__Your objective__
Copy each line below that includes "above".

--- Extracted data ---

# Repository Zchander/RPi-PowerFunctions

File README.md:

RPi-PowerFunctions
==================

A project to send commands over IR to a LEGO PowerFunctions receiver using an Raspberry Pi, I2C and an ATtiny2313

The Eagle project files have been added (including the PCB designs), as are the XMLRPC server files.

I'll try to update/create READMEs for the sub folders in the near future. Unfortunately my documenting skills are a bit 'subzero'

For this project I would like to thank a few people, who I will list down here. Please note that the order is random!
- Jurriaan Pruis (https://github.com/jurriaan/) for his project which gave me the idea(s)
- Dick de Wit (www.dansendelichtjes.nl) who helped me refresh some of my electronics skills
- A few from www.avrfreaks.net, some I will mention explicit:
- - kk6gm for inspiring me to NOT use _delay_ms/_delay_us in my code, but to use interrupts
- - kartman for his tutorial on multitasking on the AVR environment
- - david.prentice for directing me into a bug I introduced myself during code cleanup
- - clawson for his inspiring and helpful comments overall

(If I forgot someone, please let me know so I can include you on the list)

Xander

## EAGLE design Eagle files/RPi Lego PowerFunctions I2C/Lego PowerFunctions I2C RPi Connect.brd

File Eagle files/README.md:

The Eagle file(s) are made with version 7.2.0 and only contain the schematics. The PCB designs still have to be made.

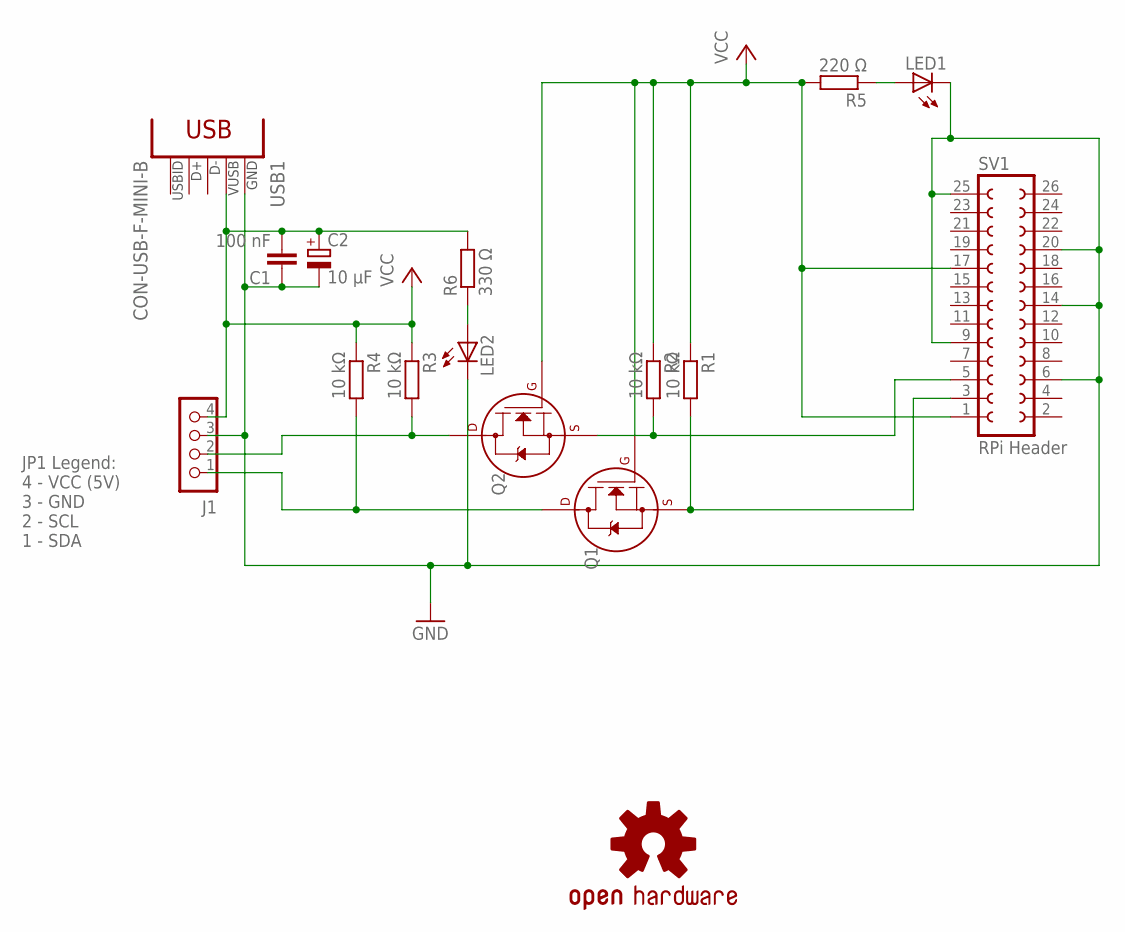
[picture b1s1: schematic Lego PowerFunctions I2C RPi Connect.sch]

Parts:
C1: 100 nF; C025-025X050
C2: 10 µF; E2,5-6
J1: CON_HEADER_1X04; M1X4
LED1, LED2: LED3MM
LOGO1: OSHW-LOGOL; OSHW-LOGO-L
Q1, Q2: 2N7000_TO92; TO-92
R1, R2, R3, R4: 10 kΩ; 0207/10
R5: 220 Ω; 0207/10
R6: 330 Ω; 0207/10
SV1: RPi Header; FE13-2
USB1: CON-USB-F-MINI-B; CONN_USB_MINI-B

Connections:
GND: C1.1, C2.-, J1.3, LED1.K (C), LED2.K (C), SV1.6, SV1.9, SV1.14, SV1.20, SV1.25, USB1.GND
unnamed: LED1.A, R5.1
unnamed: LED2.A, R6.1
unnamed: Q1.1 (S), R1.2, SV1.3
SCL_HV: J1.2, Q2.3 (D), R3.2
SCL_LV: Q2.1 (S), R2.2, SV1.5
SDA_HV: J1.1, Q1.3 (D), R4.2
VCC_HV: C1.2, C2.+, J1.4, R3.1, R4.1, R6.2, USB1.VUSB
VCC_LV: Q1.2 (G), Q2.2 (G), R1.1, R2.1, R5.2, SV1.1, SV1.17

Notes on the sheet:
JP1 Legend: 4 - VCC (5V) 3 - GND 2 - SCL 1 - SDA

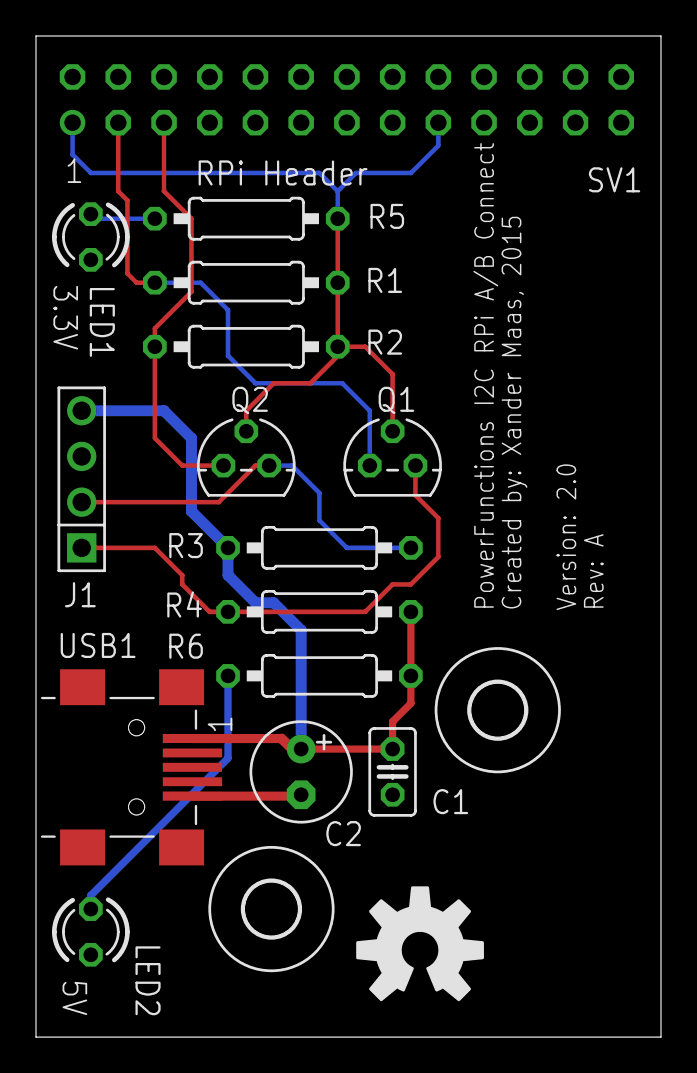
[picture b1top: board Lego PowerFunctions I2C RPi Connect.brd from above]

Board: 2 copper layers, 34.7 x 55.6 mm, 18 parts (1 on the bottom side), 9 nets.

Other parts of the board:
U$1, U$3: 3,0

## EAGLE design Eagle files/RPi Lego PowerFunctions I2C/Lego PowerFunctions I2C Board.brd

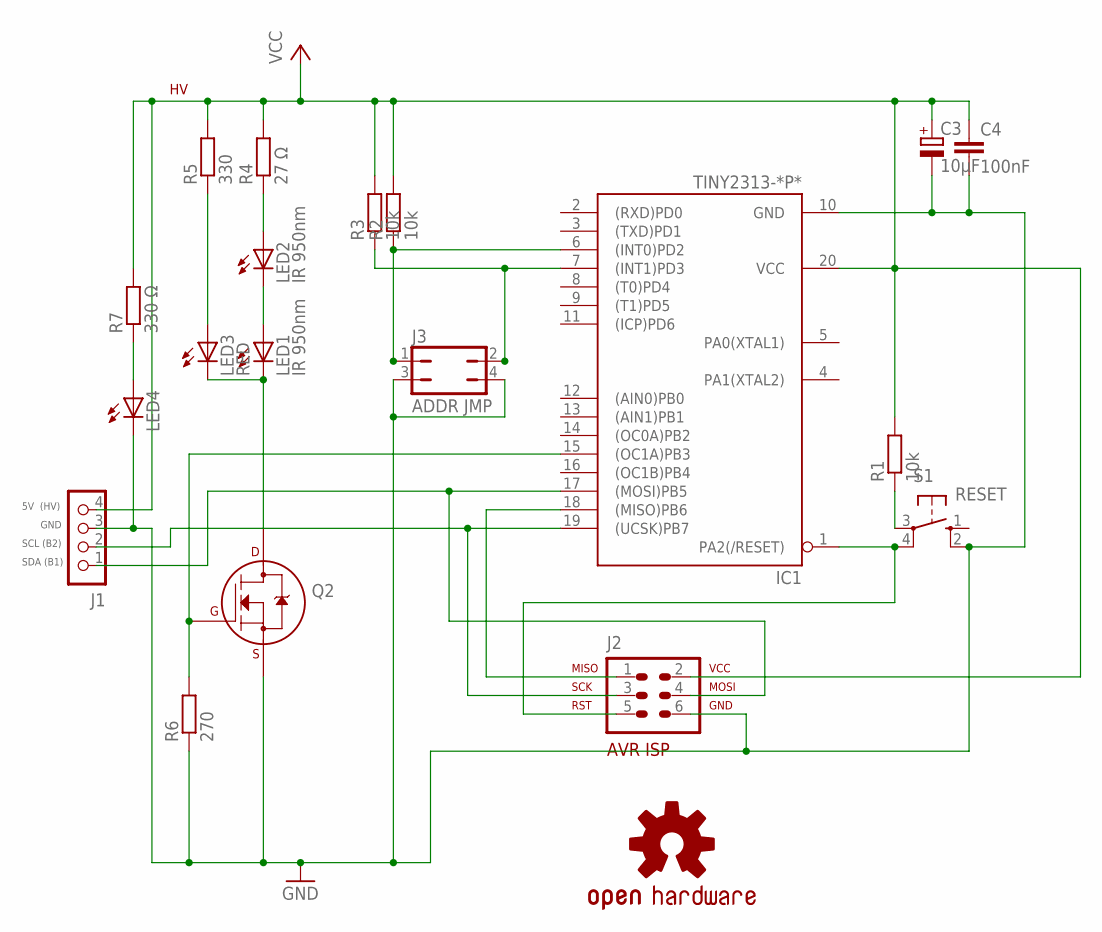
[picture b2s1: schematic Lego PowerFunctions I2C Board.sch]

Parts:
C3: 10µF; E2,5-6
C4: 100nF; C025-025X050
IC1: TINY2313-*P*; DIL20
J1: CON_HEADER_1X04; M1X4
J2: AVR-ISP-6VERT; AVR-ISP-6
J3: ADDR JMP; JP2Q
LED1, LED2: IR 950nm; LED5MM
LED3: RED; LED3MM
LED4: LED3MM
LOGO1: OSHW-LOGOM; OSHW-LOGO-M
Q2: 2N7000_TO92; TO-92
R1, R2, R3: 10k; 0207/10
R4: 27 Ω; 0207/10
R5: 330; 0207/10
R6: 270; 0207/10
R7: 330 Ω; 0207/10
S1: RESET; B3F-10XX

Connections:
GND: C3.-, C4.2, IC1.10 (GND), J1.3, J2.6, J3.3, J3.4, LED4.K (C), Q2.1 (S), R6.1, S1.2 (S1)
I2CADDRH: IC1.7 ((INT1)PD3), J3.2, R3.1
I2CADDRL: IC1.6 ((INT0)PD2), J3.1, R2.1
MISO: IC1.18 ((MISO)PB6), J2.1
MOSI: IC1.17 ((MOSI)PB5), J1.1, J2.4
unnamed: LED4.A, R7.1
unnamed: R1.1, S1.3
unnamed: LED2.A, R4.1
unnamed: LED3.A, R5.1
unnamed: LED1.A, LED2.K (C)
unnamed: LED1.K (C), LED3.K (C), Q2.3 (D)
unnamed: IC1.15 ((OC1A)PB3), Q2.2 (G), R6.2
RST: IC1.1 (PA2(/RESET)), J2.5, S1.4 (P1)
SCL: IC1.19 ((UCSK)PB7), J1.2, J2.3
VCC: C3.+, C4.1, IC1.20 (VCC), J1.4, J2.2, R1.2, R2.2, R3.2, R4.2, R5.2, R7.2

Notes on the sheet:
5V (HV)
SDA (B1)
SCL (B2)
GND

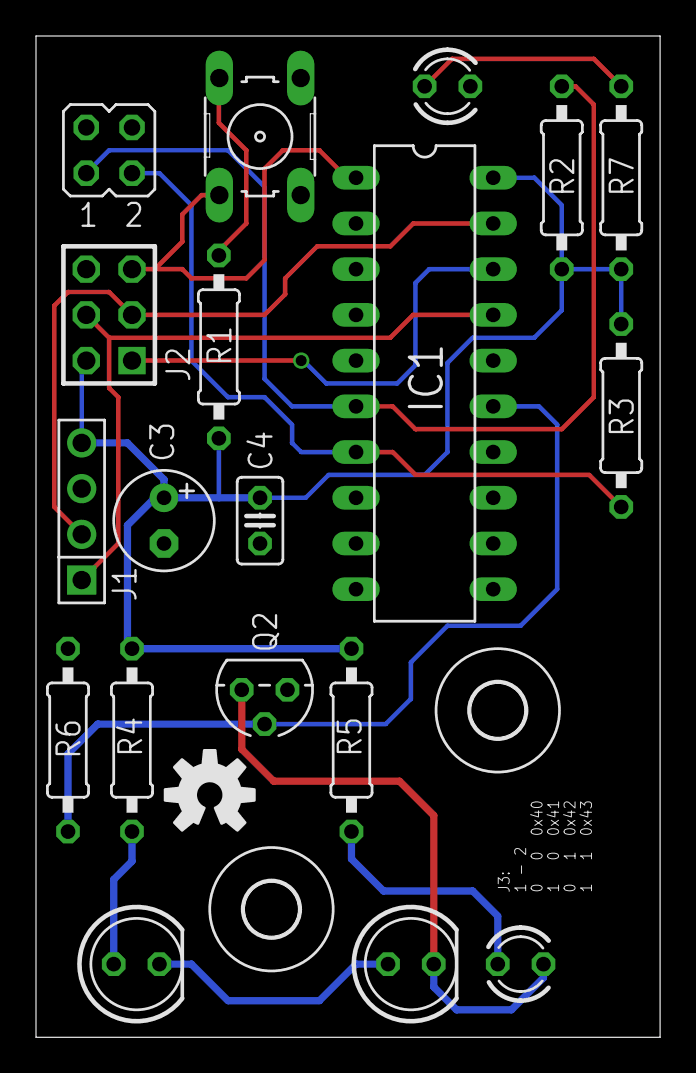
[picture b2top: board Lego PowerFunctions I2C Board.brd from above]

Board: 2 copper layers, 34.7 x 55.6 mm, 22 parts (0 on the bottom side), 15 nets.

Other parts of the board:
U$1, U$2: 3,0

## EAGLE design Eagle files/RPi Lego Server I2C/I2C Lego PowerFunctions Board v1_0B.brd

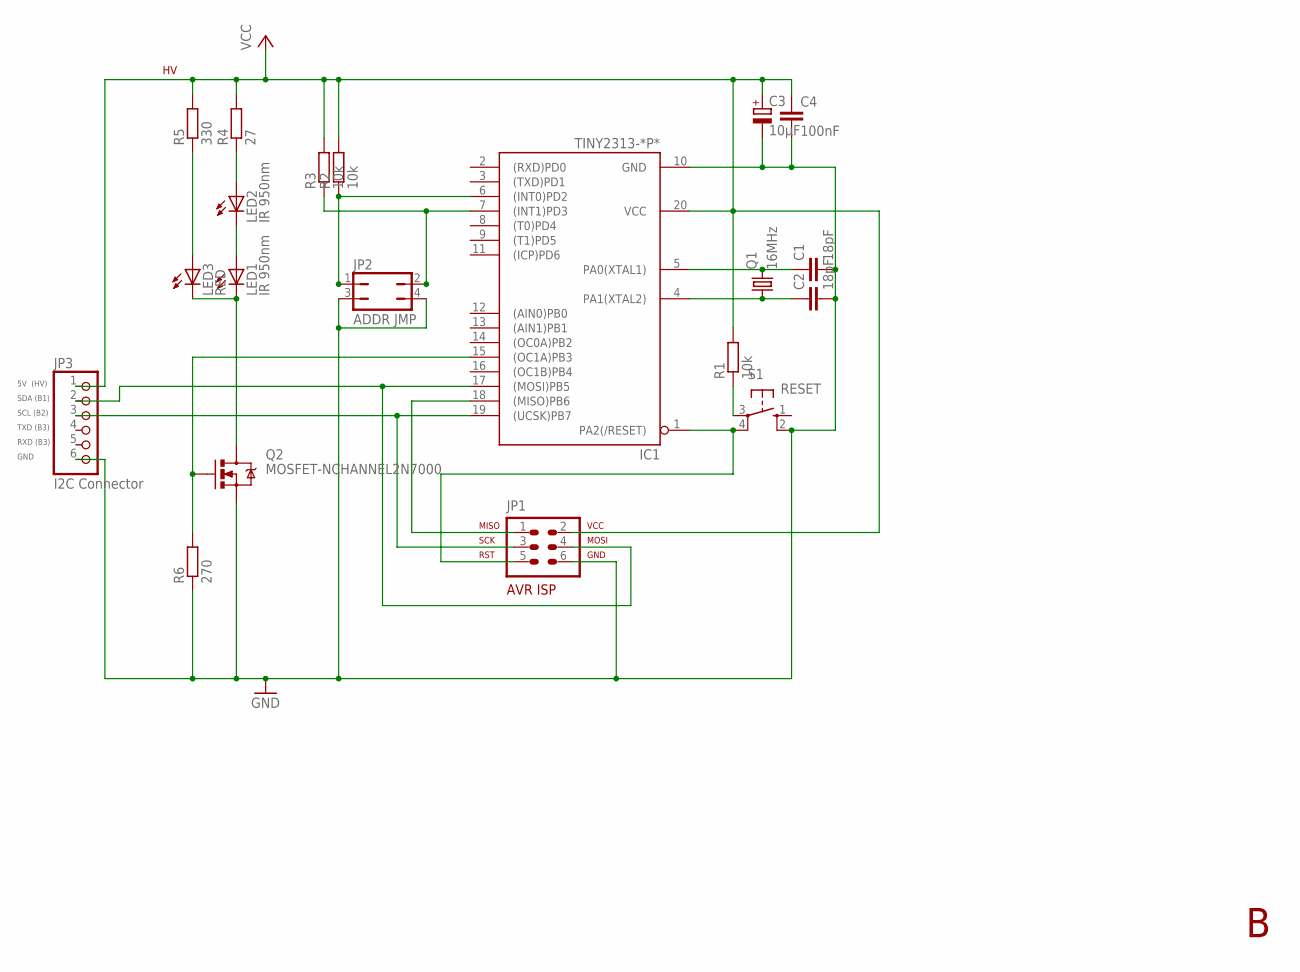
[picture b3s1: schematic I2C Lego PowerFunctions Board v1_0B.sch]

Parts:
C1, C2: 18pF; C025-025X050
C3: 10µF; E2,5-6
C4: 100nF; C050-030X075
IC1: TINY2313-*P*; DIL20
JP1: AVR-ISP-6VERT; AVR-ISP-6
JP2: ADDR JMP; JP2Q
JP3: I2C Connector; 1X06
LED1, LED2: IR 950nm; LED5MM
LED3: RED; LED3MM
Q1: 16MHz; HC49/S
Q2: MOSFET-NCHANNEL2N7000; TO-92
R1, R2, R3: 10k; 0207/10
R4: 27; 0207/10
R5: 330; 0207/10
R6: 270; 0207/10
S1: RESET; B3F-10XX

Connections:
GND: C1.2, C2.2, C3.-, C4.2, IC1.10 (GND), JP1.6, JP2.3, JP2.4, JP3.6, Q2.1 (S), R6.1, S1.2 (S1)
I2CADDRH: IC1.7 ((INT1)PD3), JP2.2, R3.1
I2CADDRL: IC1.6 ((INT0)PD2), JP2.1, R2.1
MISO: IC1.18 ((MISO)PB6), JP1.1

---

__Your solution__
[picture b1top: board Lego PowerFunctions I2C RPi Connect.brd from above]
[picture b2top: board Lego PowerFunctions I2C Board.brd from above]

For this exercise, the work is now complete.